I will be heading to our local Schutzhund Club in about a weeks time and would like some guidance.

I am new to the "dog sport world" as most of you know so I am not sure what I should be looking for.

The first time I go I will NOT be brining Stark. I have decided to wait until I check it out myself before I bring him along. 

The club's website is listed below and I would very much appreciate some feedback.

http://saugeenschutzhund.homestead.com/

What kinds of questions should I be asking? What should I look for?
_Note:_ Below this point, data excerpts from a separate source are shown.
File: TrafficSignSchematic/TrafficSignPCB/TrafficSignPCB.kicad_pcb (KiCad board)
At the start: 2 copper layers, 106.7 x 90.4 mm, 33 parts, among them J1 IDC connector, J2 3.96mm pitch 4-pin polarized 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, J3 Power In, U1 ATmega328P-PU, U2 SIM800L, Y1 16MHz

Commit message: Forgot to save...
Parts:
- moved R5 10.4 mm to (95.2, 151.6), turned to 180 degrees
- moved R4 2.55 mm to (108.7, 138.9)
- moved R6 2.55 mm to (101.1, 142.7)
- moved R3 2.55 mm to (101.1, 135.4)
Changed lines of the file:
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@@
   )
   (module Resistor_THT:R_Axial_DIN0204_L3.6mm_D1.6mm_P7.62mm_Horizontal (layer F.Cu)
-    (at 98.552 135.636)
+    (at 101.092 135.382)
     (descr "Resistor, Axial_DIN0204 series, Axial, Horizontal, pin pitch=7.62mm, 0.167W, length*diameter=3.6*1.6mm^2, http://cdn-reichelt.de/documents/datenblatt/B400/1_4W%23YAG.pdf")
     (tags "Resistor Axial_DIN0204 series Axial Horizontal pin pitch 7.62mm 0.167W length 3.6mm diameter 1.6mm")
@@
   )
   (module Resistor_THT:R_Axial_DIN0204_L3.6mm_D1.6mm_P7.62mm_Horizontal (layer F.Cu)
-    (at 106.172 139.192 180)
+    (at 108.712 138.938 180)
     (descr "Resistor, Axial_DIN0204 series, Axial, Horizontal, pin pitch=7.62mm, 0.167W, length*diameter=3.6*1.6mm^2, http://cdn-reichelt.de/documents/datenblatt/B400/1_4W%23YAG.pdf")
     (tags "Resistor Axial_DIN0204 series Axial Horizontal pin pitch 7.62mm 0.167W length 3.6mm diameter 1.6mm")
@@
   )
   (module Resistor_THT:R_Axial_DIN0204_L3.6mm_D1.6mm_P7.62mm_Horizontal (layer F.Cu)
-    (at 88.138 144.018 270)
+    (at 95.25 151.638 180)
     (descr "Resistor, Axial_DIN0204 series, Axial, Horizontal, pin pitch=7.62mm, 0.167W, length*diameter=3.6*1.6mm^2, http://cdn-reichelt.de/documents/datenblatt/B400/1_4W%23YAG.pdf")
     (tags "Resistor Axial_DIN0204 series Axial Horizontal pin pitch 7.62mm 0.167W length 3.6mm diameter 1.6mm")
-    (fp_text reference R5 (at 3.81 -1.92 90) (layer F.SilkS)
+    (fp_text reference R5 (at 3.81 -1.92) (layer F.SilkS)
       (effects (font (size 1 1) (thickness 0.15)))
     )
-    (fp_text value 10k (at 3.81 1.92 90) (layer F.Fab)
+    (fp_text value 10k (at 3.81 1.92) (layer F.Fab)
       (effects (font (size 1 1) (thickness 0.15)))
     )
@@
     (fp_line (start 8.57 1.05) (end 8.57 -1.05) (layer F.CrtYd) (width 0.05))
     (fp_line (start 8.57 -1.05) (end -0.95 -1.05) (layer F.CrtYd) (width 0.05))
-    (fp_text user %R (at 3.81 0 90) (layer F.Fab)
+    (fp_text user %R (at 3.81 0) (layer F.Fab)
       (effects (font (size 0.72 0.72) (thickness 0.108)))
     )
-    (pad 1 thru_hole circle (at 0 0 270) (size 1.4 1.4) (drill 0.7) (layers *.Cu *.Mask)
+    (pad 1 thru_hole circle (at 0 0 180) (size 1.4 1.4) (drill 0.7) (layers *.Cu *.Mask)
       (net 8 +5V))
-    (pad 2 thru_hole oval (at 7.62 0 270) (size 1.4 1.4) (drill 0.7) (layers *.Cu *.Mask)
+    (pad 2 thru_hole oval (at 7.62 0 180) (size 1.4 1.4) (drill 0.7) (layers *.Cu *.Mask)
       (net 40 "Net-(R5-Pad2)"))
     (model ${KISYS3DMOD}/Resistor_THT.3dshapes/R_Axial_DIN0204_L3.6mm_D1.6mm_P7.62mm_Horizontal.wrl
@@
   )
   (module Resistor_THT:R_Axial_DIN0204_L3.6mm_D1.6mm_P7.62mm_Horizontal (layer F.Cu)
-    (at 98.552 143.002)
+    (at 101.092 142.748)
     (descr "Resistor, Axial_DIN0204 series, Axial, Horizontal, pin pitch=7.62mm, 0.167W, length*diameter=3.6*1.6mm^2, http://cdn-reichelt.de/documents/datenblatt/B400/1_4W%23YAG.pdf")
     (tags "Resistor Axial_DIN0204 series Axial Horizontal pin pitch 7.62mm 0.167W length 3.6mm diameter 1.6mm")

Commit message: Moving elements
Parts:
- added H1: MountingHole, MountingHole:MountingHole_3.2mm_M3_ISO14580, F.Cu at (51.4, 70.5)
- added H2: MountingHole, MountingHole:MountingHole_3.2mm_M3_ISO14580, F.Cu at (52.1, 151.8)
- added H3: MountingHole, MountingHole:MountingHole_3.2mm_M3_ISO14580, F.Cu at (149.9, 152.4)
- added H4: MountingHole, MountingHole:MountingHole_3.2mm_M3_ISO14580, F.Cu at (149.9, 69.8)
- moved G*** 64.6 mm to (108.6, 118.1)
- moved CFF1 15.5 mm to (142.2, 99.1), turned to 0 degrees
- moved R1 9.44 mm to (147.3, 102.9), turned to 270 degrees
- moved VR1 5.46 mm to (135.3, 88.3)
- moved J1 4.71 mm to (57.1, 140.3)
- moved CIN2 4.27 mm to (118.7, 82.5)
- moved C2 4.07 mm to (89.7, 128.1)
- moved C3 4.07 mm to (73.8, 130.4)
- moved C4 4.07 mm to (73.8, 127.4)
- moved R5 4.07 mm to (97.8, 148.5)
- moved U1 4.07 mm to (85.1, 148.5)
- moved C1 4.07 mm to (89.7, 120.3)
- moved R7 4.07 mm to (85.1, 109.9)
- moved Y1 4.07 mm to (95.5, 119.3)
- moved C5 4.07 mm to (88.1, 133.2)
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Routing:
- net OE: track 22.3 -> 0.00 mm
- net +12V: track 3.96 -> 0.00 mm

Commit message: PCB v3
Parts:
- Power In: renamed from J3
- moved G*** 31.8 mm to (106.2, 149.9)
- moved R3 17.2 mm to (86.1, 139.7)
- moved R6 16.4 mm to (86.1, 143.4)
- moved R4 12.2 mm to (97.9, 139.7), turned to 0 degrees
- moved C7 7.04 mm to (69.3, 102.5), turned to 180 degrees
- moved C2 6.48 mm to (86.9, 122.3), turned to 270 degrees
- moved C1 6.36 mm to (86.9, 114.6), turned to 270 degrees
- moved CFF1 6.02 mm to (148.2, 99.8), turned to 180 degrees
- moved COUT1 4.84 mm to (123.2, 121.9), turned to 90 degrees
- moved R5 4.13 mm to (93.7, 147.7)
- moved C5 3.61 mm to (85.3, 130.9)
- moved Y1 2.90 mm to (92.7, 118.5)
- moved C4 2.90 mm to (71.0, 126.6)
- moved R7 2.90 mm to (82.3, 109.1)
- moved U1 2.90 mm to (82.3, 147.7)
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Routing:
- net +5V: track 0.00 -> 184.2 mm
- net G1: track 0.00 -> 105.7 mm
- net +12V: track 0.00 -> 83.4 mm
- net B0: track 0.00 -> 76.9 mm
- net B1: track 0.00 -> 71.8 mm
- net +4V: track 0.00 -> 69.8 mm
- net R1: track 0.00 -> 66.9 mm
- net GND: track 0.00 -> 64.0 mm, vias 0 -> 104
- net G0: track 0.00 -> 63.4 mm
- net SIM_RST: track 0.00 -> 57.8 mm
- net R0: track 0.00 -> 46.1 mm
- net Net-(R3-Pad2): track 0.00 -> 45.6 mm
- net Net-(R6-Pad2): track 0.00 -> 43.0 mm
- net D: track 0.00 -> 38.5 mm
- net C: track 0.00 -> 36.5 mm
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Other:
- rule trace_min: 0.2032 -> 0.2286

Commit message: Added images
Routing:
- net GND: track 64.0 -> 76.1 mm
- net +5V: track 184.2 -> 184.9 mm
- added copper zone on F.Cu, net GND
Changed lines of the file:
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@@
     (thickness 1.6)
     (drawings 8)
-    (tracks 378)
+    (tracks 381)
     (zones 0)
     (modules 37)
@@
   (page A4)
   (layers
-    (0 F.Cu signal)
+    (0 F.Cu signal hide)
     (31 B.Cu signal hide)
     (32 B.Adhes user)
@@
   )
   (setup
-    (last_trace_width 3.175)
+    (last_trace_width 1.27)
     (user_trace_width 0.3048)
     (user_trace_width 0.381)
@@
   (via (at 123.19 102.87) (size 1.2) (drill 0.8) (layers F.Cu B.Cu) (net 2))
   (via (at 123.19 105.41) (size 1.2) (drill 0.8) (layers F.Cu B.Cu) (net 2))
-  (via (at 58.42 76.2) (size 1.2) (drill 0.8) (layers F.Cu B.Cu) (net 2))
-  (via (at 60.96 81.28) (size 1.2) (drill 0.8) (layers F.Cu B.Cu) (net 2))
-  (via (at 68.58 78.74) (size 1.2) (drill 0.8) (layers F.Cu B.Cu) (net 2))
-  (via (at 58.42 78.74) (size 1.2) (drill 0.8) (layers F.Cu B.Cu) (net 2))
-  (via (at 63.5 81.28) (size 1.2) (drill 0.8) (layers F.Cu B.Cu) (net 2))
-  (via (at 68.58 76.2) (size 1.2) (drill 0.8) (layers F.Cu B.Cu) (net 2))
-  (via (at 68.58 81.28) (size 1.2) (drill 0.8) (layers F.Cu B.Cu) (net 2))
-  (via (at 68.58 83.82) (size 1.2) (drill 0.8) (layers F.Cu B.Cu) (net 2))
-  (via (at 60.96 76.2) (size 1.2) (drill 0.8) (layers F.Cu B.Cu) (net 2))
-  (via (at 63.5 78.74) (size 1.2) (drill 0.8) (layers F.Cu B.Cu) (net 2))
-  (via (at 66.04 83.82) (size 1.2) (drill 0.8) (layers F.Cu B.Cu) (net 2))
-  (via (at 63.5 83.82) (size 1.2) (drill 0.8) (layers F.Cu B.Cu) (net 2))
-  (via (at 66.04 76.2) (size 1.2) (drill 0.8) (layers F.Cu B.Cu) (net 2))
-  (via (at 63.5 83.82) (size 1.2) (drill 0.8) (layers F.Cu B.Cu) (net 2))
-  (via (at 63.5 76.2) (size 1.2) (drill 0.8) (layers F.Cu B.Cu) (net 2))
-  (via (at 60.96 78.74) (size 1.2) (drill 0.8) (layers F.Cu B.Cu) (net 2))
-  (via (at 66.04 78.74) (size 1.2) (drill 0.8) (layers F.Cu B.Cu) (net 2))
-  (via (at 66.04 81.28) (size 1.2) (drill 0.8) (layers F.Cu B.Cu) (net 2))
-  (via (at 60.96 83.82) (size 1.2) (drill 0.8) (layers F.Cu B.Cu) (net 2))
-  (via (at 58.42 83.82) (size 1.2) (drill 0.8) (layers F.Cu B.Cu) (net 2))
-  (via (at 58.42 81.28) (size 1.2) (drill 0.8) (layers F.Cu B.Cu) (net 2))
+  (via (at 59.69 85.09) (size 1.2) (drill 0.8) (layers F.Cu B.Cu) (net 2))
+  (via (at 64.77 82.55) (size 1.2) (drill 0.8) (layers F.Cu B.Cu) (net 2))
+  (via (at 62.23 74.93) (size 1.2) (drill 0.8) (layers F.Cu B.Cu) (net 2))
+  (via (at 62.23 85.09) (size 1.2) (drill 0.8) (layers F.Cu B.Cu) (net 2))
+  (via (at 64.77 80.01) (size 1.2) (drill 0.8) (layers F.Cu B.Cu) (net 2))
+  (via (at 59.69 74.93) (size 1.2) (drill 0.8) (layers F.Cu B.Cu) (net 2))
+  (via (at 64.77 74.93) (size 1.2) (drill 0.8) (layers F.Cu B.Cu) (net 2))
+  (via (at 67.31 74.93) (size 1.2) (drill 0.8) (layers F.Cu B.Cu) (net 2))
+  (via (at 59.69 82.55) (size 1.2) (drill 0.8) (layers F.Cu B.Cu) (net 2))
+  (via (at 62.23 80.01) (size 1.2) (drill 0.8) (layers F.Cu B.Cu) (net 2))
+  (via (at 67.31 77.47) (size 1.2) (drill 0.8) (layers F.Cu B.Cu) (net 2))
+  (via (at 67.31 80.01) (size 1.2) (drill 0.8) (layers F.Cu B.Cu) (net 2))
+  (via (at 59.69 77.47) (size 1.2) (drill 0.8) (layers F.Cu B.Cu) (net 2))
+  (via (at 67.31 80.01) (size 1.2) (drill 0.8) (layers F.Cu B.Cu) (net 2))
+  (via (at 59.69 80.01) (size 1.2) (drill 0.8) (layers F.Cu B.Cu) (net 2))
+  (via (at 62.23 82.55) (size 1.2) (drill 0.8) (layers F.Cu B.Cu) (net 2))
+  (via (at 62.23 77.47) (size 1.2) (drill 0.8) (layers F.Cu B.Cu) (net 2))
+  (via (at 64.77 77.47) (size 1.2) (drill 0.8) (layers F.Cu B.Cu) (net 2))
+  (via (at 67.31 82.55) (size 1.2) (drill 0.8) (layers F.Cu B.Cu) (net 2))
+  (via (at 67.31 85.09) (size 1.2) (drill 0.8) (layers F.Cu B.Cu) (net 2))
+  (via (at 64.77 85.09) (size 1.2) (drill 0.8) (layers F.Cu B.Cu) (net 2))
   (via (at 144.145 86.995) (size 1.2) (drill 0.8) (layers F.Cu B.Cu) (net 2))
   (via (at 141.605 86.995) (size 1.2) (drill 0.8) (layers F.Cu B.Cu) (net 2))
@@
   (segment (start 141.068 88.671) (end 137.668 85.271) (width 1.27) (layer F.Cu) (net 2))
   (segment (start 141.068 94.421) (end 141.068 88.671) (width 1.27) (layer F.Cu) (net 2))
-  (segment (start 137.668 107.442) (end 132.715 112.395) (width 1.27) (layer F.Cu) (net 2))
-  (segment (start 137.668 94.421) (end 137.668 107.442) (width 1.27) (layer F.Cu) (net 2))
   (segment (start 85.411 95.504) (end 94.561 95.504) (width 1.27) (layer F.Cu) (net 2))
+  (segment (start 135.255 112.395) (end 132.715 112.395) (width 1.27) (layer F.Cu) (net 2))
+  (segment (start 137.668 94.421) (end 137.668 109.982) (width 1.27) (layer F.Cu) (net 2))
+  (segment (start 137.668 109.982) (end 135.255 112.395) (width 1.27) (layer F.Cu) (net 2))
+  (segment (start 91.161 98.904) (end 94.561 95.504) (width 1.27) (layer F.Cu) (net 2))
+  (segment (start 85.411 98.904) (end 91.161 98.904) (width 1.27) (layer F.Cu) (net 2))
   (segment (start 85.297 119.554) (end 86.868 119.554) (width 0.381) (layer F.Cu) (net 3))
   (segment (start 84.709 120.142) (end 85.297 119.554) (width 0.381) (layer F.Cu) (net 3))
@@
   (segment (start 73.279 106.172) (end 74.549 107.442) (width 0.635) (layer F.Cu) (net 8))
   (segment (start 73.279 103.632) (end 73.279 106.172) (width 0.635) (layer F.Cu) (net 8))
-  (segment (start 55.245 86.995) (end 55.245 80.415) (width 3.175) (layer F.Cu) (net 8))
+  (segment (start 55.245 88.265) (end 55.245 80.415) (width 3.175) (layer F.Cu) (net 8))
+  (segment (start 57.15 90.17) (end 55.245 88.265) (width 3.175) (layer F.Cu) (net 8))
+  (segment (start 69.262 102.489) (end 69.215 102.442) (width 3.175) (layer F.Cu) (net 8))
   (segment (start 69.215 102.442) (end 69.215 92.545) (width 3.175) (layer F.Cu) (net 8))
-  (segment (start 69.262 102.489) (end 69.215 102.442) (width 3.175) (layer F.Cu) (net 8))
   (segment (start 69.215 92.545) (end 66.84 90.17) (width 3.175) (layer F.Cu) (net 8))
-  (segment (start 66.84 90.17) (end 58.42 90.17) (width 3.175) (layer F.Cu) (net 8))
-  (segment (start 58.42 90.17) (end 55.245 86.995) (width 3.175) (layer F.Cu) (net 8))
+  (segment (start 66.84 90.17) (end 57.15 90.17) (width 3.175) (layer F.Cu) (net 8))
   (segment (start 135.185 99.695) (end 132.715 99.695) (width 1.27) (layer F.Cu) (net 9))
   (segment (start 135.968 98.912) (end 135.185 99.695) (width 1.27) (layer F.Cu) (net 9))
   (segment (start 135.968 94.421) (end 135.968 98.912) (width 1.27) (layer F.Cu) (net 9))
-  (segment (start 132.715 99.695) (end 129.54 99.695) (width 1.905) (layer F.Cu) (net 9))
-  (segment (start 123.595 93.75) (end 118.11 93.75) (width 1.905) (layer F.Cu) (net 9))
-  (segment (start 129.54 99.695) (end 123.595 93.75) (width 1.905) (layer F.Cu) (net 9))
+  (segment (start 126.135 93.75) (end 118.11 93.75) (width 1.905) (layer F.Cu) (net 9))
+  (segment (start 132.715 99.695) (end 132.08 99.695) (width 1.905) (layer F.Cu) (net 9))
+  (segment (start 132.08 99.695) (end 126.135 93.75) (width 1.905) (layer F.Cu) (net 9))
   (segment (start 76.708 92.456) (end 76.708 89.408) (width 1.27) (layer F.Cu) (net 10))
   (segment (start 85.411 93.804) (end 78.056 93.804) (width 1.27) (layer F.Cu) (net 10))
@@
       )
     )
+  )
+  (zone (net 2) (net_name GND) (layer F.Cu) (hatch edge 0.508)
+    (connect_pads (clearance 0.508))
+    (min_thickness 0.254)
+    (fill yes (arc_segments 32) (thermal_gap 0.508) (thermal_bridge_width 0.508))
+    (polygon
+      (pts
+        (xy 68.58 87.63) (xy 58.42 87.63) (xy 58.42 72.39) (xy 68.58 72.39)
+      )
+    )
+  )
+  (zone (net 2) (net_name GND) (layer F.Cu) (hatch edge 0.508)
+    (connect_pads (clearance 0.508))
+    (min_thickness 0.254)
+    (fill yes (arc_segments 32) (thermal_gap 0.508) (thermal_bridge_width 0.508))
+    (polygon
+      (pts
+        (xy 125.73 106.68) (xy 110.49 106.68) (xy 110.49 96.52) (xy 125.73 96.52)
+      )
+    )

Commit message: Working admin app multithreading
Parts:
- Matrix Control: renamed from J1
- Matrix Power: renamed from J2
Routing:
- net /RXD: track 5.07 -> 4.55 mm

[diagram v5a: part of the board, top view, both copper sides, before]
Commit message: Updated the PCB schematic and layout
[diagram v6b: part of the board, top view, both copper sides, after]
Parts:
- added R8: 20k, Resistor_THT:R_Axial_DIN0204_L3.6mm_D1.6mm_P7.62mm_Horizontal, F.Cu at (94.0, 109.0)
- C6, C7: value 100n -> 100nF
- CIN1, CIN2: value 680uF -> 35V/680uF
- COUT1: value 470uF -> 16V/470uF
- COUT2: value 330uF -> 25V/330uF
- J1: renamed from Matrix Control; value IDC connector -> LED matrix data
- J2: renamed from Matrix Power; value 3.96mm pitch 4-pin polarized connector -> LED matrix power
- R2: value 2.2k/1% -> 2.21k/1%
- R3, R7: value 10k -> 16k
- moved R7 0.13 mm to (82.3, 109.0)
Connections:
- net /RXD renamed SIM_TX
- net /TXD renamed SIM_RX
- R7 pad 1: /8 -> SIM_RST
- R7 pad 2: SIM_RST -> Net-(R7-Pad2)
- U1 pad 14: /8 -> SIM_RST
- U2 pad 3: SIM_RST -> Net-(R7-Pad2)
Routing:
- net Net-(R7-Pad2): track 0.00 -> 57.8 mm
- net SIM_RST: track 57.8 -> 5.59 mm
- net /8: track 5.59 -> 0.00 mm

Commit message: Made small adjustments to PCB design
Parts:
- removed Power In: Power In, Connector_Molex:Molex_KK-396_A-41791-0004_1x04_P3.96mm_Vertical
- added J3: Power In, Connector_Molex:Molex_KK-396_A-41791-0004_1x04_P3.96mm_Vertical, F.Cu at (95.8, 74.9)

Thank you for your input, it is always valued.


----------



## Castlemaid (Jun 29, 2006)

Good call on not bringing Stark. Usually clubs don't want potential new members to bring their dogs right away. They prefer, as you are doing, for the person to just come and watch and get a feel for what training is like. 

The main thing you should look for is to see if the club would be a good fit for your persnoality. Some clubs are very competitive, and personal relations fall to the wayside in favour of getting the max out of the dogs, while others are more relaxed and in it for the fun, though still training for competition. 

I would look to see if people are having fun, if the members and TD is polite and positive. Do the dogs look like they are having fun? Does the club look like they are relatively organized? Are people willing to answer your questions and give you some info on what is going on. 

I think you should just go with an open mind and be ready to ask a lot of questions.


----------



## elisabeth_00117 (May 17, 2009)

What types of questions would be appropriate to ask?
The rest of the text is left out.